What is required: When a line contains the string "Mode", it counts once; give the total of such lines in the entries below and nothing else.
+++ The data
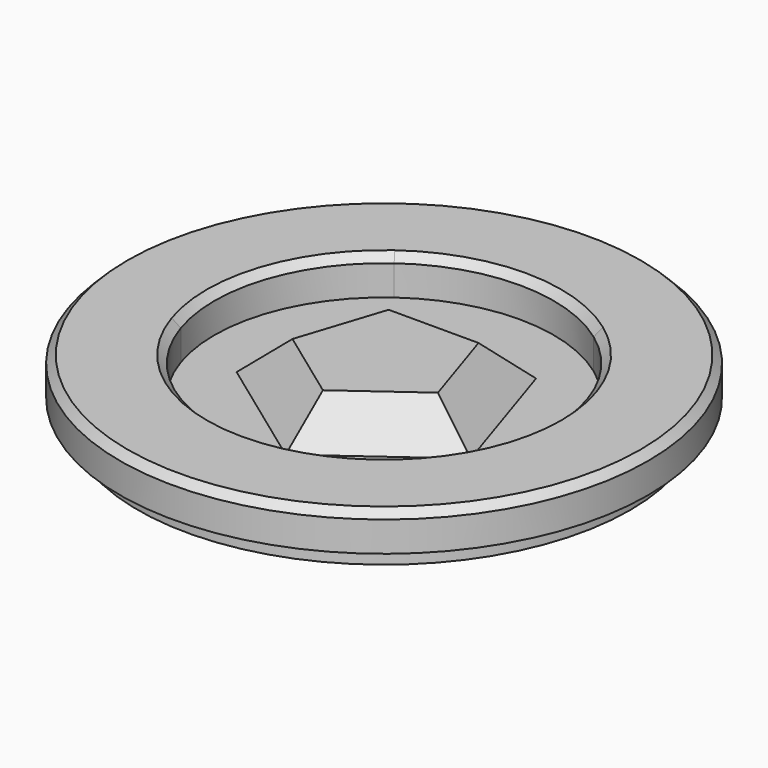
from build123d import *

# Parameters (mm, degrees)
F0_R        = 17.78
F1_DEPTH    = 2.54
F2_SIZE     = 0.508
F3_T1_DEPTH = 39.5650700251
F3_T3_DEPTH = 39.5650700251
F3_T5_DEPTH = 39.5650700251
F3_T7_DEPTH = 39.5650700251
F3_T9_DEPTH = 39.5650700251
F4_R        = 16.580892073
F5_DEPTH    = 1.27


# Not quite as in the source:
# - a fillet or chamfer that OpenCascade refuses, or shapes differently, is made with other operations: its cross-section is extruded or revolved along the edge and cut away or added


with BuildPart() as f1:
    # F0 (on Top) → F1 (new body)
    with BuildSketch(Plane.XY):
        Circle(F0_R)
        with BuildLine():
            ThreePointArc((6.7183854337, 9.2470642457), (10.1842045715, 5.189111412), (11.43, 0))
            ThreePointArc((11.43, 0), (11.289277733, -1.7880459354), (10.8705759813, -3.5320642457))
            ThreePointArc((10.8705759813, -3.5320642457), (6.7183854337, -9.2470642457), (0, -11.43))
            ThreePointArc((0, -11.43), (-6.7183854337, -9.2470642457), (-10.8705759813, -3.5320642457))
            ThreePointArc((-10.8705759813, -3.5320642457), (-10.8705759813, 3.5320642457), (-6.7183854337, 9.2470642457))
            ThreePointArc((-6.7183854337, 9.2470642457), (0, 11.43), (6.7183854337, 9.2470642457))
        make_face(mode=Mode.SUBTRACT)
    extrude(amount=F1_DEPTH)

    # F2
    f2_edges = [f1.edges().sort_by_distance(p)[0] for p in [
        (-17.78, 0, 2.54),
        (0, 11.43, 2.54),
    ]]
    chamfer(f2_edges, length=F2_SIZE)


with BuildPart() as f1b:
    # F0 (on Top) → F1, piece 2 (new body)
    with BuildSketch(Plane.XY):
        Polygon((10.8705759813, -3.5320642457), (6.7183854337, 9.2470642457), (-6.7183854337, 9.2470642457), (-10.8705759813, -3.5320642457), (0, -11.43), align=None)
    extrude(amount=F1_DEPTH)

    # F3: chamfer of 5.08 on 5 edges, made by hand

    # F3_s2 → F3_t1 (cut)
    with BuildSketch(Plane(origin=(-16.004407017, 11.6278823333, 0), x_dir=(0, 0, 1), z_dir=(0.8090169944, -0.5877852523, 0))):
        Polygon((-2.54, 9.2470642457), (2.54, 4.1670642457), (2.54, 9.2470642457), align=None)
    extrude(amount=F3_T1_DEPTH, mode=Mode.SUBTRACT)

    # F3_s4 → F3_t3 (cut)
    with BuildSketch(Plane(origin=(-16.004407017, -11.6278823333, 0), x_dir=(0, 0, 1), z_dir=(0.8090169944, 0.5877852523, 0))):
        Polygon((-2.54, 9.2470642457), (2.54, 4.1670642457), (2.54, 9.2470642457), align=None)
    extrude(amount=F3_T3_DEPTH, mode=Mode.SUBTRACT)

    # F3_s6 → F3_t5 (cut)
    with BuildSketch(Plane(origin=(6.1131395107, -18.8143088325, 0), x_dir=(0, 0, 1), z_dir=(-0.3090169944, 0.9510565163, 0))):
        Polygon((-2.54, 9.2470642457), (2.54, 4.1670642457), (2.54, 9.2470642457), align=None)
    extrude(amount=F3_T5_DEPTH, mode=Mode.SUBTRACT)

    # F3_s8 → F3_t7 (cut)
    with BuildSketch(Plane.YZ.offset(-19.7825350126)):
        Polygon((9.2470642457, -2.54), (4.1670642457, 2.54), (9.2470642457, 2.54), align=None)
    extrude(amount=F3_T7_DEPTH, mode=Mode.SUBTRACT)

    # F3_s10 → F3_t9 (cut)
    with BuildSketch(Plane(origin=(6.1131395107, 18.8143088325, 0), x_dir=(0, 0, 1), z_dir=(-0.3090169944, -0.9510565163, 0))):
        Polygon((-2.54, 9.2470642457), (2.54, 4.1670642457), (2.54, 9.2470642457), align=None)
    extrude(amount=F3_T9_DEPTH, mode=Mode.SUBTRACT)


with BuildPart() as f5:
    # F4 (on Top) → F5 (new body)
    with BuildSketch(Plane.XY):
        Circle(F4_R)
    extrude(amount=-F5_DEPTH)


solid = Compound([f1.part, f1b.part, f5.part])
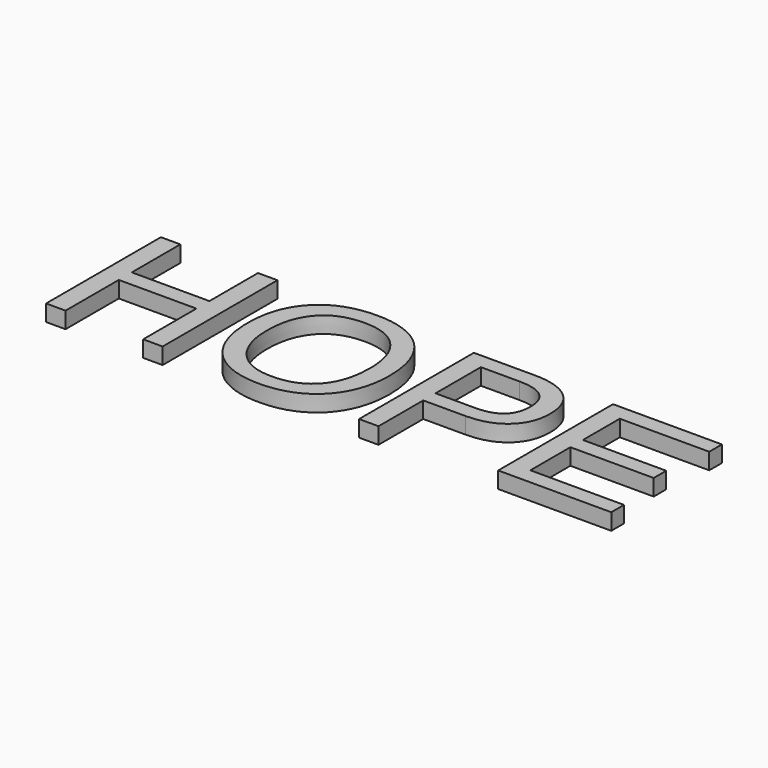
from build123d import *

# Parameters (mm, degrees)
F0_TEXT_SIZE = 105.7455316186
F1_DEPTH     = 8.3007961512


# Not quite as in the source:
# - Text() gives the source's letters only with a copy of the font that has no kerning and outlines rounded to 1/6400 em; it was checked with that copy


with BuildPart() as f1:
    # F0 (on Top) → F1 (new body)
    with BuildSketch(Plane.XY):
        with Locations((-75.7218897343, 0)):
            Text('HOPE', F0_TEXT_SIZE, font='Arimo', text_align=(TextAlign.LEFT, TextAlign.BOTTOM))
    extrude(amount=F1_DEPTH)


solid = f1.part
++++++
Finished task: 6